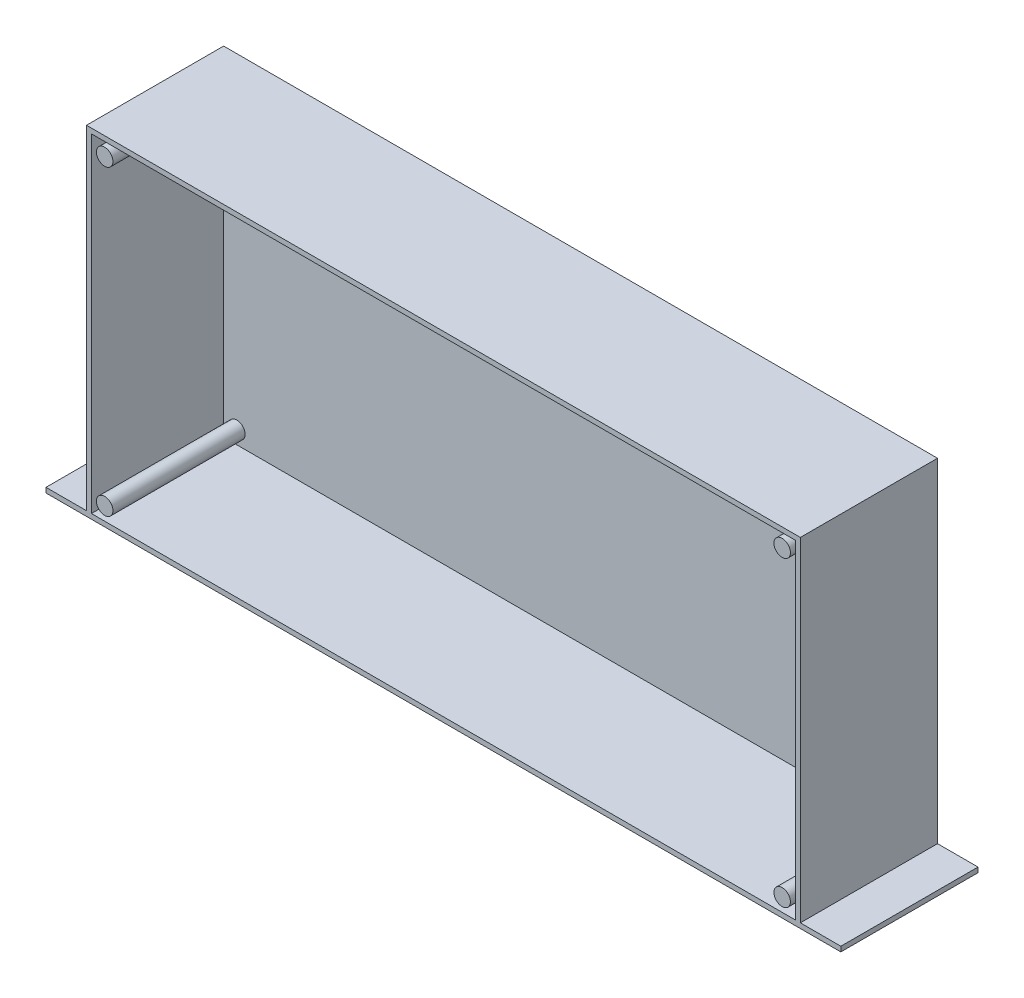
ISO-10303-21;
HEADER;
FILE_DESCRIPTION(('STEP AP214'),'2;1');
FILE_NAME('part.step','',(''),(''),'','','');
FILE_SCHEMA(('AUTOMOTIVE_DESIGN { 1 0 10303 214 1 1 1 1 }'));
ENDSEC;
DATA;
#1=APPLICATION_CONTEXT('core data for automotive mechanical design processes');
#2=APPLICATION_PROTOCOL_DEFINITION('international standard','automotive_design',2000,#1);
#3=PRODUCT_CONTEXT('',#1,'mechanical');
#4=PRODUCT('Part','Part','',(#3));
#5=PRODUCT_RELATED_PRODUCT_CATEGORY('part','',(#4));
#6=PRODUCT_DEFINITION_FORMATION('','',#4);
#7=PRODUCT_DEFINITION_CONTEXT('part definition',#1,'design');
#8=PRODUCT_DEFINITION('design','',#6,#7);
#9=PRODUCT_DEFINITION_SHAPE('','',#8);
#10=(LENGTH_UNIT() NAMED_UNIT(*) SI_UNIT(.MILLI.,.METRE.));
#11=(NAMED_UNIT(*) PLANE_ANGLE_UNIT() SI_UNIT($,.RADIAN.));
#12=(NAMED_UNIT(*) SI_UNIT($,.STERADIAN.) SOLID_ANGLE_UNIT());
#13=UNCERTAINTY_MEASURE_WITH_UNIT(LENGTH_MEASURE(1.E-05),#10,'distance_accuracy_value','');
#14=(GEOMETRIC_REPRESENTATION_CONTEXT(3) GLOBAL_UNCERTAINTY_ASSIGNED_CONTEXT((#13)) GLOBAL_UNIT_ASSIGNED_CONTEXT((#10,
#11,#12)) REPRESENTATION_CONTEXT('',''));
#15=CARTESIAN_POINT('',(0.,0.,0.));
#16=DIRECTION('',(0.,0.,1.));
#17=DIRECTION('',(1.,0.,0.));
#18=AXIS2_PLACEMENT_3D('',#15,#16,#17);
#19=CARTESIAN_POINT('',(456.5,0.,3.));
#20=DIRECTION('',(-1.,0.,0.));
#21=DIRECTION('',(0.,0.,1.));
#22=AXIS2_PLACEMENT_3D('',#19,#20,#21);
#23=PLANE('',#22);
#24=DIRECTION('',(0.,1.,0.));
#25=VECTOR('',#24,1.);
#26=CARTESIAN_POINT('',(456.5,0.,0.));
#27=LINE('',#26,#25);
#28=CARTESIAN_POINT('',(456.5,0.,0.));
#29=VERTEX_POINT('',#28);
#30=CARTESIAN_POINT('',(456.5,2.99999999999994,0.));
#31=VERTEX_POINT('',#30);
#32=EDGE_CURVE('E187',#29,#31,#27,.T.);
#33=ORIENTED_EDGE('',*,*,#32,.T.);
#34=DIRECTION('',(0.,0.,-1.));
#35=VECTOR('',#34,1.);
#36=CARTESIAN_POINT('',(456.5,2.99999999999994,3.));
#37=LINE('',#36,#35);
#38=CARTESIAN_POINT('',(456.5,2.99999999999994,83.));
#39=VERTEX_POINT('',#38);
#40=EDGE_CURVE('E45',#39,#31,#37,.T.);
#41=ORIENTED_EDGE('',*,*,#40,.F.);
#42=DIRECTION('',(0.,1.,0.));
#43=VECTOR('',#42,1.);
#44=CARTESIAN_POINT('',(456.5,0.,83.));
#45=LINE('',#44,#43);
#46=CARTESIAN_POINT('',(456.5,0.,83.));
#47=VERTEX_POINT('',#46);
#48=EDGE_CURVE('E166',#47,#39,#45,.T.);
#49=ORIENTED_EDGE('',*,*,#48,.F.);
#50=DIRECTION('',(0.,0.,-1.));
#51=VECTOR('',#50,1.);
#52=CARTESIAN_POINT('',(456.5,0.,3.));
#53=LINE('',#52,#51);
#54=EDGE_CURVE('E11',#47,#29,#53,.T.);
#55=ORIENTED_EDGE('',*,*,#54,.T.);
#56=EDGE_LOOP('',(#33,#41,#49,#55));
#57=FACE_BOUND('',#56,.T.);
#58=ADVANCED_FACE('F38',(#57),#23,.F.);
#59=CARTESIAN_POINT('',(456.5,2.99999999999994,3.));
#60=DIRECTION('',(0.,-1.,0.));
#61=DIRECTION('',(0.,0.,-1.));
#62=AXIS2_PLACEMENT_3D('',#59,#60,#61);
#63=PLANE('',#62);
#64=DIRECTION('',(-1.,0.,0.));
#65=VECTOR('',#64,1.);
#66=CARTESIAN_POINT('',(456.5,2.99999999999994,0.));
#67=LINE('',#66,#65);
#68=CARTESIAN_POINT('',(432.,2.99999999999994,0.));
#69=VERTEX_POINT('',#68);
#70=EDGE_CURVE('E189',#31,#69,#67,.T.);
#71=ORIENTED_EDGE('',*,*,#70,.T.);
#72=DIRECTION('',(0.,0.,-1.));
#73=VECTOR('',#72,1.);
#74=CARTESIAN_POINT('',(432.,2.99999999999994,3.));
#75=LINE('',#74,#73);
#76=CARTESIAN_POINT('',(432.,2.99999999999994,83.));
#77=VERTEX_POINT('',#76);
#78=EDGE_CURVE('E218',#77,#69,#75,.T.);
#79=ORIENTED_EDGE('',*,*,#78,.F.);
#80=DIRECTION('',(-1.,0.,0.));
#81=VECTOR('',#80,1.);
#82=CARTESIAN_POINT('',(456.5,2.99999999999994,83.));
#83=LINE('',#82,#81);
#84=EDGE_CURVE('E169',#39,#77,#83,.T.);
#85=ORIENTED_EDGE('',*,*,#84,.F.);
#86=ORIENTED_EDGE('',*,*,#40,.T.);
#87=EDGE_LOOP('',(#71,#79,#85,#86));
#88=FACE_BOUND('',#87,.T.);
#89=ADVANCED_FACE('F224',(#88),#63,.F.);
#90=CARTESIAN_POINT('',(432.,2.99999999999994,3.));
#91=DIRECTION('',(-1.,0.,0.));
#92=DIRECTION('',(0.,-1.,0.));
#93=AXIS2_PLACEMENT_3D('',#90,#91,#92);
#94=PLANE('',#93);
#95=DIRECTION('',(0.,1.,0.));
#96=VECTOR('',#95,1.);
#97=CARTESIAN_POINT('',(432.,2.99999999999994,0.));
#98=LINE('',#97,#96);
#99=CARTESIAN_POINT('',(432.,205.,0.));
#100=VERTEX_POINT('',#99);
#101=EDGE_CURVE('E191',#69,#100,#98,.T.);
#102=ORIENTED_EDGE('',*,*,#101,.T.);
#103=DIRECTION('',(0.,0.,-1.));
#104=VECTOR('',#103,1.);
#105=CARTESIAN_POINT('',(432.,205.,3.));
#106=LINE('',#105,#104);
#107=CARTESIAN_POINT('',(432.,205.,83.));
#108=VERTEX_POINT('',#107);
#109=EDGE_CURVE('E215',#108,#100,#106,.T.);
#110=ORIENTED_EDGE('',*,*,#109,.F.);
#111=DIRECTION('',(0.,1.,0.));
#112=VECTOR('',#111,1.);
#113=CARTESIAN_POINT('',(432.,2.99999999999994,83.));
#114=LINE('',#113,#112);
#115=EDGE_CURVE('E172',#77,#108,#114,.T.);
#116=ORIENTED_EDGE('',*,*,#115,.F.);
#117=ORIENTED_EDGE('',*,*,#78,.T.);
#118=EDGE_LOOP('',(#102,#110,#116,#117));
#119=FACE_BOUND('',#118,.T.);
#120=ADVANCED_FACE('F235',(#119),#94,.F.);
#121=CARTESIAN_POINT('',(0.,205.,3.));
#122=DIRECTION('',(0.,-1.,0.));
#123=DIRECTION('',(0.,0.,-1.));
#124=AXIS2_PLACEMENT_3D('',#121,#122,#123);
#125=PLANE('',#124);
#126=DIRECTION('',(-1.,0.,0.));
#127=VECTOR('',#126,1.);
#128=CARTESIAN_POINT('',(0.,205.,0.));
#129=LINE('',#128,#127);
#130=CARTESIAN_POINT('',(0.,205.,0.));
#131=VERTEX_POINT('',#130);
#132=EDGE_CURVE('E193',#100,#131,#129,.T.);
#133=ORIENTED_EDGE('',*,*,#132,.T.);
#134=DIRECTION('',(0.,0.,-1.));
#135=VECTOR('',#134,1.);
#136=CARTESIAN_POINT('',(0.,205.,3.));
#137=LINE('',#136,#135);
#138=CARTESIAN_POINT('',(0.,205.,83.));
#139=VERTEX_POINT('',#138);
#140=EDGE_CURVE('E212',#139,#131,#137,.T.);
#141=ORIENTED_EDGE('',*,*,#140,.F.);
#142=DIRECTION('',(-1.,0.,0.));
#143=VECTOR('',#142,1.);
#144=CARTESIAN_POINT('',(432.,205.,83.));
#145=LINE('',#144,#143);
#146=EDGE_CURVE('E175',#108,#139,#145,.T.);
#147=ORIENTED_EDGE('',*,*,#146,.F.);
#148=ORIENTED_EDGE('',*,*,#109,.T.);
#149=EDGE_LOOP('',(#133,#141,#147,#148));
#150=FACE_BOUND('',#149,.T.);
#151=ADVANCED_FACE('F239',(#150),#125,.F.);
#152=CARTESIAN_POINT('',(0.,3.,3.));
#153=DIRECTION('',(1.,0.,0.));
#154=DIRECTION('',(0.,0.,-1.));
#155=AXIS2_PLACEMENT_3D('',#152,#153,#154);
#156=PLANE('',#155);
#157=DIRECTION('',(0.,-1.,0.));
#158=VECTOR('',#157,1.);
#159=CARTESIAN_POINT('',(0.,3.,0.));
#160=LINE('',#159,#158);
#161=CARTESIAN_POINT('',(0.,3.,0.));
#162=VERTEX_POINT('',#161);
#163=EDGE_CURVE('E195',#131,#162,#160,.T.);
#164=ORIENTED_EDGE('',*,*,#163,.T.);
#165=DIRECTION('',(0.,0.,-1.));
#166=VECTOR('',#165,1.);
#167=CARTESIAN_POINT('',(0.,3.,3.));
#168=LINE('',#167,#166);
#169=CARTESIAN_POINT('',(0.,3.,83.));
#170=VERTEX_POINT('',#169);
#171=EDGE_CURVE('E209',#170,#162,#168,.T.);
#172=ORIENTED_EDGE('',*,*,#171,.F.);
#173=DIRECTION('',(0.,-1.,0.));
#174=VECTOR('',#173,1.);
#175=CARTESIAN_POINT('',(0.,205.,83.));
#176=LINE('',#175,#174);
#177=EDGE_CURVE('E178',#139,#170,#176,.T.);
#178=ORIENTED_EDGE('',*,*,#177,.F.);
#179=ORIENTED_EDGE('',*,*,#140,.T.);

◆ Directions: There is a line with "#26=CARTESIAN_POINT('',(456.5,0.,0.));" and a line with "#92=DIRECTION('',(0.,-1.,0.));" above. Copy exactly those two lines and all lines between them, with nothing else.

◆ Task result:
#26=CARTESIAN_POINT('',(456.5,0.,0.));
#27=LINE('',#26,#25);
#28=CARTESIAN_POINT('',(456.5,0.,0.));
#29=VERTEX_POINT('',#28);
#30=CARTESIAN_POINT('',(456.5,2.99999999999994,0.));
#31=VERTEX_POINT('',#30);
#32=EDGE_CURVE('E187',#29,#31,#27,.T.);
#33=ORIENTED_EDGE('',*,*,#32,.T.);
#34=DIRECTION('',(0.,0.,-1.));
#35=VECTOR('',#34,1.);
#36=CARTESIAN_POINT('',(456.5,2.99999999999994,3.));
#37=LINE('',#36,#35);
#38=CARTESIAN_POINT('',(456.5,2.99999999999994,83.));
#39=VERTEX_POINT('',#38);
#40=EDGE_CURVE('E45',#39,#31,#37,.T.);
#41=ORIENTED_EDGE('',*,*,#40,.F.);
#42=DIRECTION('',(0.,1.,0.));
#43=VECTOR('',#42,1.);
#44=CARTESIAN_POINT('',(456.5,0.,83.));
#45=LINE('',#44,#43);
#46=CARTESIAN_POINT('',(456.5,0.,83.));
#47=VERTEX_POINT('',#46);
#48=EDGE_CURVE('E166',#47,#39,#45,.T.);
#49=ORIENTED_EDGE('',*,*,#48,.F.);
#50=DIRECTION('',(0.,0.,-1.));
#51=VECTOR('',#50,1.);
#52=CARTESIAN_POINT('',(456.5,0.,3.));
#53=LINE('',#52,#51);
#54=EDGE_CURVE('E11',#47,#29,#53,.T.);
#55=ORIENTED_EDGE('',*,*,#54,.T.);
#56=EDGE_LOOP('',(#33,#41,#49,#55));
#57=FACE_BOUND('',#56,.T.);
#58=ADVANCED_FACE('F38',(#57),#23,.F.);
#59=CARTESIAN_POINT('',(456.5,2.99999999999994,3.));
#60=DIRECTION('',(0.,-1.,0.));
#61=DIRECTION('',(0.,0.,-1.));
#62=AXIS2_PLACEMENT_3D('',#59,#60,#61);
#63=PLANE('',#62);
#64=DIRECTION('',(-1.,0.,0.));
#65=VECTOR('',#64,1.);
#66=CARTESIAN_POINT('',(456.5,2.99999999999994,0.));
#67=LINE('',#66,#65);
#68=CARTESIAN_POINT('',(432.,2.99999999999994,0.));
#69=VERTEX_POINT('',#68);
#70=EDGE_CURVE('E189',#31,#69,#67,.T.);
#71=ORIENTED_EDGE('',*,*,#70,.T.);
#72=DIRECTION('',(0.,0.,-1.));
#73=VECTOR('',#72,1.);
#74=CARTESIAN_POINT('',(432.,2.99999999999994,3.));
#75=LINE('',#74,#73);
#76=CARTESIAN_POINT('',(432.,2.99999999999994,83.));
#77=VERTEX_POINT('',#76);
#78=EDGE_CURVE('E218',#77,#69,#75,.T.);
#79=ORIENTED_EDGE('',*,*,#78,.F.);
#80=DIRECTION('',(-1.,0.,0.));
#81=VECTOR('',#80,1.);
#82=CARTESIAN_POINT('',(456.5,2.99999999999994,83.));
#83=LINE('',#82,#81);
#84=EDGE_CURVE('E169',#39,#77,#83,.T.);
#85=ORIENTED_EDGE('',*,*,#84,.F.);
#86=ORIENTED_EDGE('',*,*,#40,.T.);
#87=EDGE_LOOP('',(#71,#79,#85,#86));
#88=FACE_BOUND('',#87,.T.);
#89=ADVANCED_FACE('F224',(#88),#63,.F.);
#90=CARTESIAN_POINT('',(432.,2.99999999999994,3.));
#91=DIRECTION('',(-1.,0.,0.));
#92=DIRECTION('',(0.,-1.,0.));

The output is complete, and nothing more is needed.